The year 2020 marked the 75th anniversary of the atomic bombing of Hiroshima and Nagasaki, the end of WWII and the closure of the concentration camps where West Coast Japanese Americans were exiled and imprisoned. Only about one third of the Vashon residents who were forcibly removed on May 16, 1942, returned to Vashon.

On New Year’s Eve, December 31, 1945, Augie Takatsuka returned to Vashon, catching the last ferry to Tahlequah, and then hitching a ride home with the only car on the ferry. For the next three months he lived with his parents and sisters, “doing nothing,” He would often wake his parents and sisters with his “horrible nightmares.”

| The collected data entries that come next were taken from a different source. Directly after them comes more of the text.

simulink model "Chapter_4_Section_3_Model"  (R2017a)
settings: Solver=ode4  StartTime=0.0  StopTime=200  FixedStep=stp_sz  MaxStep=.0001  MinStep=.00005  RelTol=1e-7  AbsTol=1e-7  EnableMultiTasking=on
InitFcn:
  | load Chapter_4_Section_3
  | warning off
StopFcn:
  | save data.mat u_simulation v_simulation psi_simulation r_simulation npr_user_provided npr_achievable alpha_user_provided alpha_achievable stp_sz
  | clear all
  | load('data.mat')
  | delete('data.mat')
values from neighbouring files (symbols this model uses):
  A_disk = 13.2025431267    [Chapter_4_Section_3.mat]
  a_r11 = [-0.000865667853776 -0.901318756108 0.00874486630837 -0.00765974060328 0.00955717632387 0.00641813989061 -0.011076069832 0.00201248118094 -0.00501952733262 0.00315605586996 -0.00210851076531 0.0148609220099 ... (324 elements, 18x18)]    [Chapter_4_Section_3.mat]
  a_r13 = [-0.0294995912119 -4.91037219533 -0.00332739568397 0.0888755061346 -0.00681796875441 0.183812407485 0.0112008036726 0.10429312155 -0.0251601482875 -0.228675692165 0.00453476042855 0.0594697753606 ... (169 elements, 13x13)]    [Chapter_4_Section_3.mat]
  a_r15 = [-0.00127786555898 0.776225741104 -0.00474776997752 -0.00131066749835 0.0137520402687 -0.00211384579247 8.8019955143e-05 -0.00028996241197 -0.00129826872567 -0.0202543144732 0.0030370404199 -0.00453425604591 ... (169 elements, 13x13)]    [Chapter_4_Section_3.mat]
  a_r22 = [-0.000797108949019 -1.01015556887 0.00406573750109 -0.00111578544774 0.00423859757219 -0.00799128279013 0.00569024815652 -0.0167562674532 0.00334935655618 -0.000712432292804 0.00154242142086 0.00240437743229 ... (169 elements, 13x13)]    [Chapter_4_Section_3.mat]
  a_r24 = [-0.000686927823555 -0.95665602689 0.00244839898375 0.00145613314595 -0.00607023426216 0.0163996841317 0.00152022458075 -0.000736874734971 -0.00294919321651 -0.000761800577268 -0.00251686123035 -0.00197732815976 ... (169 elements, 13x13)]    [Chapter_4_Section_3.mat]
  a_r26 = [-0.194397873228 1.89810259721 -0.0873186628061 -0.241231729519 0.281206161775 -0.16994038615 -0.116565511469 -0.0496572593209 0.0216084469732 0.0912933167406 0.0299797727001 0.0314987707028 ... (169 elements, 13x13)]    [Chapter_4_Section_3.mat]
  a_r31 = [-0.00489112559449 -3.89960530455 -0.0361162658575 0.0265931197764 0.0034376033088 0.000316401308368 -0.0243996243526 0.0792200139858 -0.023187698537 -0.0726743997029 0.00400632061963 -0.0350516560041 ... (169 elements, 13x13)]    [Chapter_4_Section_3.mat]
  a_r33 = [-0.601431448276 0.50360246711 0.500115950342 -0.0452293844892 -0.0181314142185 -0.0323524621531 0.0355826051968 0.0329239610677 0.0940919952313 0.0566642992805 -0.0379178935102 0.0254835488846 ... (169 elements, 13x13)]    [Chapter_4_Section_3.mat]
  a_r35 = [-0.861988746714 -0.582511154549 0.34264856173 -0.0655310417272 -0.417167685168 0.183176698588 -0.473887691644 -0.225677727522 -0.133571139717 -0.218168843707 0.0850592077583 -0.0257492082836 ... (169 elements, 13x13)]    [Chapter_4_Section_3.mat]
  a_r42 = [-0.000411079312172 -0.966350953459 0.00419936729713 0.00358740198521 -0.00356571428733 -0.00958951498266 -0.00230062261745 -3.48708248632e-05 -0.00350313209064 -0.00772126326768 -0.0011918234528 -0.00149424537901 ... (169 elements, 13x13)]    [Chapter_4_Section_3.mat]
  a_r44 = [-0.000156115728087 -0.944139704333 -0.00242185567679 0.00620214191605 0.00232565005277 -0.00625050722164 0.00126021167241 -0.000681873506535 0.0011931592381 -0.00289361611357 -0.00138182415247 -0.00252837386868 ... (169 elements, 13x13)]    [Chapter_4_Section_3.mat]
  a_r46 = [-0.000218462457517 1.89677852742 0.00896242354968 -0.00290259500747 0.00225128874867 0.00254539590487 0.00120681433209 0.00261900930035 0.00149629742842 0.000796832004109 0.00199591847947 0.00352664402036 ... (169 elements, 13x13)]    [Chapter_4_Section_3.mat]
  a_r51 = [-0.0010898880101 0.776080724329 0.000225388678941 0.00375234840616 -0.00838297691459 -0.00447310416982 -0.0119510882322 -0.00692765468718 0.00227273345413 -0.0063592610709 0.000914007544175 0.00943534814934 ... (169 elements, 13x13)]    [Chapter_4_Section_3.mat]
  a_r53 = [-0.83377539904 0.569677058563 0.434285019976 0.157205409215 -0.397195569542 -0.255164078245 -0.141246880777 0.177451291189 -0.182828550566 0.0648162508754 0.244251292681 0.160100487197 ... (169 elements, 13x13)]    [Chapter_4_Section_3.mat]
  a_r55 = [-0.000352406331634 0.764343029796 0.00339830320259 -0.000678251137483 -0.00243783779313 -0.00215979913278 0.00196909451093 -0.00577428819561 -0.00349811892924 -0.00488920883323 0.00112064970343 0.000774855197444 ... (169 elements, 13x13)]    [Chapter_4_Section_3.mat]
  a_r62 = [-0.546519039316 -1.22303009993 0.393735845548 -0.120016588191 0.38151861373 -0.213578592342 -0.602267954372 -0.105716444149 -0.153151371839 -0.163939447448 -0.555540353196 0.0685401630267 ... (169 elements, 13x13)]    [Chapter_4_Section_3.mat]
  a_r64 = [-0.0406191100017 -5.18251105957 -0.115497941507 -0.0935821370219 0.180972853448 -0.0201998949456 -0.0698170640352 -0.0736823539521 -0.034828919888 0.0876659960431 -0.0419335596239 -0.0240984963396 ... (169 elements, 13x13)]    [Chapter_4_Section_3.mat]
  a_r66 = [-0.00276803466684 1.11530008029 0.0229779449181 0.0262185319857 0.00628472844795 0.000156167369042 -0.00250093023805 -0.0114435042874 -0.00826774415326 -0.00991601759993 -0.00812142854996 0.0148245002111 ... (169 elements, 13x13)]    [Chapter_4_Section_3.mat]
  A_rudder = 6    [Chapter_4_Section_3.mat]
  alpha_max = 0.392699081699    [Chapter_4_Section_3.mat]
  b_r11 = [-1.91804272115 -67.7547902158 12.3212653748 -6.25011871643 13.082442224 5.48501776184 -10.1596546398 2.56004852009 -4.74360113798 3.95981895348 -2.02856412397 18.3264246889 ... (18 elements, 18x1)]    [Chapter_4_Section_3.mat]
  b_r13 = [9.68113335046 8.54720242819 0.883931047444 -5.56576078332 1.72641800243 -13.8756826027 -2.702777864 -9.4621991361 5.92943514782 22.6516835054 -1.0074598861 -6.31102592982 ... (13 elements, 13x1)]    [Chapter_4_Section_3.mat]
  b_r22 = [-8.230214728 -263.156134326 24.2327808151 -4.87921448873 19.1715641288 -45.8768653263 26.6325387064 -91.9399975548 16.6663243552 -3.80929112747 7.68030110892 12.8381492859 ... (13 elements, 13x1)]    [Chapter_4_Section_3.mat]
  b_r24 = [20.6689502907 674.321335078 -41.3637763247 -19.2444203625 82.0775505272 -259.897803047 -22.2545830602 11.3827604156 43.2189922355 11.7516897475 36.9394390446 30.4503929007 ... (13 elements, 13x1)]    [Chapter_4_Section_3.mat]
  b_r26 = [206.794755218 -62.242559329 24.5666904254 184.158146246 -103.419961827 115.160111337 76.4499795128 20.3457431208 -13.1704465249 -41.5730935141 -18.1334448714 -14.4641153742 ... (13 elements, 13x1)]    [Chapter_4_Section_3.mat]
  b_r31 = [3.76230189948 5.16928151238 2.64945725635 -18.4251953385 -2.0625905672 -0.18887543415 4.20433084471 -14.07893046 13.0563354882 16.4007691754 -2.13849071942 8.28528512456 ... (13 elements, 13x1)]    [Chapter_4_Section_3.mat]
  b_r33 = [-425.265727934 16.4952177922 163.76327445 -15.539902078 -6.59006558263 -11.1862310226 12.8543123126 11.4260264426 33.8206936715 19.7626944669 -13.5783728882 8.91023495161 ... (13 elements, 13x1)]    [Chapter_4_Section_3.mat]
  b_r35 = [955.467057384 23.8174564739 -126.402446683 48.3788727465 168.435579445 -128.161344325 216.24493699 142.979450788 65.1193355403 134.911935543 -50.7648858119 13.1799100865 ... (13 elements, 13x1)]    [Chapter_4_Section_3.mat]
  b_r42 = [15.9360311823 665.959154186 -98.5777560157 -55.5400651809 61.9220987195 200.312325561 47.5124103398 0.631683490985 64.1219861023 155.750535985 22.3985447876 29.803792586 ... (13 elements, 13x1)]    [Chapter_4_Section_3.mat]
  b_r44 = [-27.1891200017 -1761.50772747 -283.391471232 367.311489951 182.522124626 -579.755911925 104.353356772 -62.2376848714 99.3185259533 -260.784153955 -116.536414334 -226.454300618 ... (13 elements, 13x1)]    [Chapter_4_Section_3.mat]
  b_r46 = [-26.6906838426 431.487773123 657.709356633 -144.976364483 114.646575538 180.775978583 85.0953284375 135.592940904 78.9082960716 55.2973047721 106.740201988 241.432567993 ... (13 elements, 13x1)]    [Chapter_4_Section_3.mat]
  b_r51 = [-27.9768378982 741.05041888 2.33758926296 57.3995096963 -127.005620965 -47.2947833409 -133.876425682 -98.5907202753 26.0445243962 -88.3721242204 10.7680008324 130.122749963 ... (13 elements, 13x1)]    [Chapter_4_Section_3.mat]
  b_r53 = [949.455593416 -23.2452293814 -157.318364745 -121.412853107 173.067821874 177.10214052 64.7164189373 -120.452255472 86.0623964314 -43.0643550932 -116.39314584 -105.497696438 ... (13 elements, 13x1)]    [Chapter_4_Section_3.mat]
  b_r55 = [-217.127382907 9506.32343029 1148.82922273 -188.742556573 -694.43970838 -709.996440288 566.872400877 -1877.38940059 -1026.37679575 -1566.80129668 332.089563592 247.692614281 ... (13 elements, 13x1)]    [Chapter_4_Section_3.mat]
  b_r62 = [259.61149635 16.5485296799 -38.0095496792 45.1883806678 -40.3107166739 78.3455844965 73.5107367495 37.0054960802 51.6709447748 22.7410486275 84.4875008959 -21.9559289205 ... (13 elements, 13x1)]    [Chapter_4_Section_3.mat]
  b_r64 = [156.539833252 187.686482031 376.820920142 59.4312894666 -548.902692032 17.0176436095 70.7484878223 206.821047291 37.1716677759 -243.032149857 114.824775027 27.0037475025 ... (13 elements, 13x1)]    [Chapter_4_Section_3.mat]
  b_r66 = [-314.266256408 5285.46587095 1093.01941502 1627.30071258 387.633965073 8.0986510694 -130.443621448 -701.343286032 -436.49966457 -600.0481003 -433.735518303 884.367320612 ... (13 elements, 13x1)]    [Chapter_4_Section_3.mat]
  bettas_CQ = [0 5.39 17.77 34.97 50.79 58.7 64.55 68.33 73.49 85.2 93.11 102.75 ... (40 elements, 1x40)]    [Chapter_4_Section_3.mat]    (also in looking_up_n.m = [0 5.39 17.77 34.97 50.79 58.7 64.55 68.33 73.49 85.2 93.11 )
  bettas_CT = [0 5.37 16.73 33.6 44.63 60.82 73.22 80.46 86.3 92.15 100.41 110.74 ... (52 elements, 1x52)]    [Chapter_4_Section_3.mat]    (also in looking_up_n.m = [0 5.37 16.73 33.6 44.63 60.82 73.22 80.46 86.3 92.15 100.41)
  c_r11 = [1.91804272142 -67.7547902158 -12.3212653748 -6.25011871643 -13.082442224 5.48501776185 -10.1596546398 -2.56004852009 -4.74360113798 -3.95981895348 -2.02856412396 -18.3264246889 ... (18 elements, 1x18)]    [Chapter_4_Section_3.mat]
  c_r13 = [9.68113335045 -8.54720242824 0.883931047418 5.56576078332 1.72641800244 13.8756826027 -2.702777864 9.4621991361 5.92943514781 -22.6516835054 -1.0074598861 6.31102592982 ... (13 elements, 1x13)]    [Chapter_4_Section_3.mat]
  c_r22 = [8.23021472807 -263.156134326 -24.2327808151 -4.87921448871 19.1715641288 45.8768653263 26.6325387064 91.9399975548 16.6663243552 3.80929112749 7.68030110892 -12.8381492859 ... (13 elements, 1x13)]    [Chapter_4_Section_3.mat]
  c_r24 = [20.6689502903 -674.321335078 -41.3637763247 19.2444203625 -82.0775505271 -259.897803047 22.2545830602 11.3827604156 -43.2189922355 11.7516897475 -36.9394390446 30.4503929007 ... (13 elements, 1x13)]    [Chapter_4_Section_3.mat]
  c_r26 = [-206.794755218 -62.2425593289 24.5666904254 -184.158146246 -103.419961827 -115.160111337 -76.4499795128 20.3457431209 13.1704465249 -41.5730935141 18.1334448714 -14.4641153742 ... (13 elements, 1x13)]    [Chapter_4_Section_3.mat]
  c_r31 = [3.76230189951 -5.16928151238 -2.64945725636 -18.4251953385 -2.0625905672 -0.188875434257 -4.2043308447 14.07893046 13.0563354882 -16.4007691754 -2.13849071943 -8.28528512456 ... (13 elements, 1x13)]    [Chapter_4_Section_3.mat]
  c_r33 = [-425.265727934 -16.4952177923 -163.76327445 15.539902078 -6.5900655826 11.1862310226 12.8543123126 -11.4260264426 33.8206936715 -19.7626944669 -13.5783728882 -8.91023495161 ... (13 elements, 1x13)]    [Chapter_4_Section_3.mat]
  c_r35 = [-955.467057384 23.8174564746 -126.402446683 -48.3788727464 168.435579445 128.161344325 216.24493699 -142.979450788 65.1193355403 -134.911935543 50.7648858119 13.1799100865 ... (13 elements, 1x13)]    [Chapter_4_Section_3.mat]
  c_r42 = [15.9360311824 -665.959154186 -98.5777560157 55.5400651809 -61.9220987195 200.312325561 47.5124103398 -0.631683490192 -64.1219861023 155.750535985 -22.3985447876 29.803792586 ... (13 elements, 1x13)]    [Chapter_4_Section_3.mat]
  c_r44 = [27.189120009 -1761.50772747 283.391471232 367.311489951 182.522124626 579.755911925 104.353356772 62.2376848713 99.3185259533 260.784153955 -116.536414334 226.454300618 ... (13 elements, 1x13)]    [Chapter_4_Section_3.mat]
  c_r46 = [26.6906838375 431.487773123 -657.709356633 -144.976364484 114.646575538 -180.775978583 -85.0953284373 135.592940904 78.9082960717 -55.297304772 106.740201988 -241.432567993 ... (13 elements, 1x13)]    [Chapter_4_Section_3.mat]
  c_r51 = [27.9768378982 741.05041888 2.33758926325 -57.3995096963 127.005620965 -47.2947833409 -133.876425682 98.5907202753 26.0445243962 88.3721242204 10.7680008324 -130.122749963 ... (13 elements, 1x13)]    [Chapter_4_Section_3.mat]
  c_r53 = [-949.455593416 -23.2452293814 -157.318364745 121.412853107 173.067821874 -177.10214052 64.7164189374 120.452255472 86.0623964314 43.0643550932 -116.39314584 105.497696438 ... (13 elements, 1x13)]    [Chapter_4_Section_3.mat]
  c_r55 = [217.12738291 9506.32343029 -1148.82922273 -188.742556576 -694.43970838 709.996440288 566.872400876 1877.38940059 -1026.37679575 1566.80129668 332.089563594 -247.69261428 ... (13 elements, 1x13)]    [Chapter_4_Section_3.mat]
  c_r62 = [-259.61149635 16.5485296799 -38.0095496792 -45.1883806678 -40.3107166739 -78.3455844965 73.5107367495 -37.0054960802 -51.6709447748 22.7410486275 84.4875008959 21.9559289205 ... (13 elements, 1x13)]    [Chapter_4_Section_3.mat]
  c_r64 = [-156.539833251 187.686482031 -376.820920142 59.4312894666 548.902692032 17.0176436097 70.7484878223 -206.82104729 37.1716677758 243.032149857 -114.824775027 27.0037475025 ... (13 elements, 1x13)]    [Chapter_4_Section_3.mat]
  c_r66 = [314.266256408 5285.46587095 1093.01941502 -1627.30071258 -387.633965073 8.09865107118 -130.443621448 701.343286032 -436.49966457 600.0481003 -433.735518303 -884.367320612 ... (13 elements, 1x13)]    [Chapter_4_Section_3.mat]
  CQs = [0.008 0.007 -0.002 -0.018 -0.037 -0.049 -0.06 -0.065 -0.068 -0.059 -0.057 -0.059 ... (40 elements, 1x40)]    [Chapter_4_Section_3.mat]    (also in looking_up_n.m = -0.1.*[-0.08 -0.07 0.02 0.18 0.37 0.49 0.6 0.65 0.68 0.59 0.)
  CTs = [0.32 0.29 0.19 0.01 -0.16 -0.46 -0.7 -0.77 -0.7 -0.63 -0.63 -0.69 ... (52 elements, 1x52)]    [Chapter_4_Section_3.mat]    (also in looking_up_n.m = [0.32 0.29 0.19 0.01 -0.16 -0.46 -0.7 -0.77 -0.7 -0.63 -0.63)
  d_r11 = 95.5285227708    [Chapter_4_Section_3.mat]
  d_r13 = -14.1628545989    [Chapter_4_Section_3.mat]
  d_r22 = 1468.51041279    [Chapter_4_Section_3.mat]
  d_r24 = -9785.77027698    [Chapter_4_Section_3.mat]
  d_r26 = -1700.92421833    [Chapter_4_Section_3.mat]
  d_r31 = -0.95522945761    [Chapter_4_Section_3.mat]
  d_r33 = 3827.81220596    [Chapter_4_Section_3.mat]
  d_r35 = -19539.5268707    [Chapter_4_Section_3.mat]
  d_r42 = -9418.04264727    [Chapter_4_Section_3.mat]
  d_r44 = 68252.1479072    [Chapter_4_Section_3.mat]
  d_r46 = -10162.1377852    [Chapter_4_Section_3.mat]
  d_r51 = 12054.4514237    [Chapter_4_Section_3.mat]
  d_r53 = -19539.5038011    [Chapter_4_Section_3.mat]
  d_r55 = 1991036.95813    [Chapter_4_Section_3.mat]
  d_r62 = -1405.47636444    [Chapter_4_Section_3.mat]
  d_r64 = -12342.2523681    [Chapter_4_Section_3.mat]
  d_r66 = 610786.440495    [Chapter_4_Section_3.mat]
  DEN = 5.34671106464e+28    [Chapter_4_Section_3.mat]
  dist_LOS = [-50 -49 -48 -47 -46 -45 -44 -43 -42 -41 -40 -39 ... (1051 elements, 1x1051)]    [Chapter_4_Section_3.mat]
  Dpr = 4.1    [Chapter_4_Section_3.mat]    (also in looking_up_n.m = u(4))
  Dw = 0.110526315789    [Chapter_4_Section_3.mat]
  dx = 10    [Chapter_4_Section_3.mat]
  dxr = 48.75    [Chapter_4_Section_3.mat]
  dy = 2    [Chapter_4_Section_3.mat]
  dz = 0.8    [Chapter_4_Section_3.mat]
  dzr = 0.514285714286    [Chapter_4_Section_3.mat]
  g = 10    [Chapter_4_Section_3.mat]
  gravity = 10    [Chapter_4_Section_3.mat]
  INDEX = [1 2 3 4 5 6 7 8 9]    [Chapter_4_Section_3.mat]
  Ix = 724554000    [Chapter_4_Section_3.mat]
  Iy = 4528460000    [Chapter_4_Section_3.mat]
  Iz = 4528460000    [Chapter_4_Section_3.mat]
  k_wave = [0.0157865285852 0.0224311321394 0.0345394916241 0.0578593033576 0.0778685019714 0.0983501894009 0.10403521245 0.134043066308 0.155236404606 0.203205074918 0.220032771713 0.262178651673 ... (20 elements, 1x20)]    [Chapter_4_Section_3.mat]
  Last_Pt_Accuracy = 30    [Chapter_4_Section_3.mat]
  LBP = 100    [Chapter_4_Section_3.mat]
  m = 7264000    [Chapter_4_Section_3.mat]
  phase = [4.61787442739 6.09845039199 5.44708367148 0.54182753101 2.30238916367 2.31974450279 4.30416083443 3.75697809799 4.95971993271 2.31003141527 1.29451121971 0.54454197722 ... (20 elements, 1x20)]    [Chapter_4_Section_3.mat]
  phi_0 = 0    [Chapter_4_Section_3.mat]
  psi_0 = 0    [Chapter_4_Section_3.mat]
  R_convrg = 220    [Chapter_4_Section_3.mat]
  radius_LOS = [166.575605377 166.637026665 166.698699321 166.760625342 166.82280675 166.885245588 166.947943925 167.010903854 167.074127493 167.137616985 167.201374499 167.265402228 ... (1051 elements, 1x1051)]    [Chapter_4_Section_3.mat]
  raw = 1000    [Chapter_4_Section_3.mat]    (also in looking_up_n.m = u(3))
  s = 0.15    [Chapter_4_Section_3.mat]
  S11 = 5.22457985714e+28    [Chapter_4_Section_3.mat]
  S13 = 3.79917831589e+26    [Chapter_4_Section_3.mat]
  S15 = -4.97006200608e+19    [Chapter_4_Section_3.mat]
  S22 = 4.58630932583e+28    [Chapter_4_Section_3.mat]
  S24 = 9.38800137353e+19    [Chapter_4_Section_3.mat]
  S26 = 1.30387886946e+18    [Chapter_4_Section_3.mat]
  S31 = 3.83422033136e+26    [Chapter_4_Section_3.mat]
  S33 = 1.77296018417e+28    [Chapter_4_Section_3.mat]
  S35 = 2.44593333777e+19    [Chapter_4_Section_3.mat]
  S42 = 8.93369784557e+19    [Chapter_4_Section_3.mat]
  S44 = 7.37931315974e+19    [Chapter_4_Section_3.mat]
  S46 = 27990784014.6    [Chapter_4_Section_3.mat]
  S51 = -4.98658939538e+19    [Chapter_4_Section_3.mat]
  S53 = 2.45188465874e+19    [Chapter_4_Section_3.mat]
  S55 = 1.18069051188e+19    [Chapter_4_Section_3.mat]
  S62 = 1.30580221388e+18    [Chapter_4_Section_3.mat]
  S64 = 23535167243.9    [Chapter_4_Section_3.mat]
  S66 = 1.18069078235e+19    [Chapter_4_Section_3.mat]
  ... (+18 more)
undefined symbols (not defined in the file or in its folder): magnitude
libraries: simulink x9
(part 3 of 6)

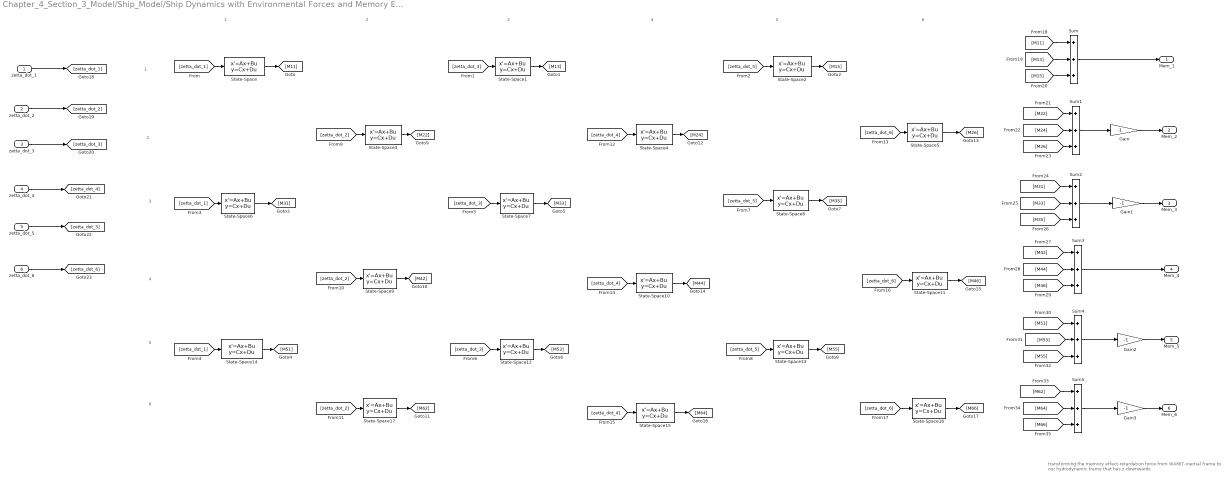
== system Chapter_4_Section_3_Model/Ship_Model/Ship Dynamics with Environmental Forces and Memory Effect/Memory effect using reduced order (13) state space representation(Kristiansen 2005)/Memory effect using reduced order (13) state space representation1 ==
  note: 1
  note: 2
  note: 3
  note: 4
  note: 5
  note: 6
  note: 1
  note: 2
  note: 3
  note: 4
  note: 5
  note: 6
  note: transforming the memory effect-retardation force from
      |  WAMIT-inertial frame to  our hydrodynamic
      |  frame that has z-downwards
  zetta_dot_1 : Inport
  zetta_dot_2 : Inport  Port=2
  zetta_dot_3 : Inport  Port=3
  zetta_dot_4 : Inport  Port=4
  zetta_dot_5 : Inport  Port=5
  zetta_dot_6 : Inport  Port=6
  Gain{,1..3} (4 alike) : Gain  Gain=-1
  State-Space : StateSpace  A=a_r11  B=b_r11  C=c_r11  D=d_r11  X0=0
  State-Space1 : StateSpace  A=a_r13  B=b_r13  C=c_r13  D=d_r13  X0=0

Encouraged by a friend, Augie finally leased land across from where McMurray Middle School is today and returned to farming. He was able to purchase his farm on Bank Road when Rose Gorsuch offered to sell him twenty-seven acres at $50 down and $50 a year.  Augie said Rose Gorsuch was “our protector, ahead of her time …”

Asked why he returned to Vashon, Augie commented, “I couldn’t find any place that was as good as here …”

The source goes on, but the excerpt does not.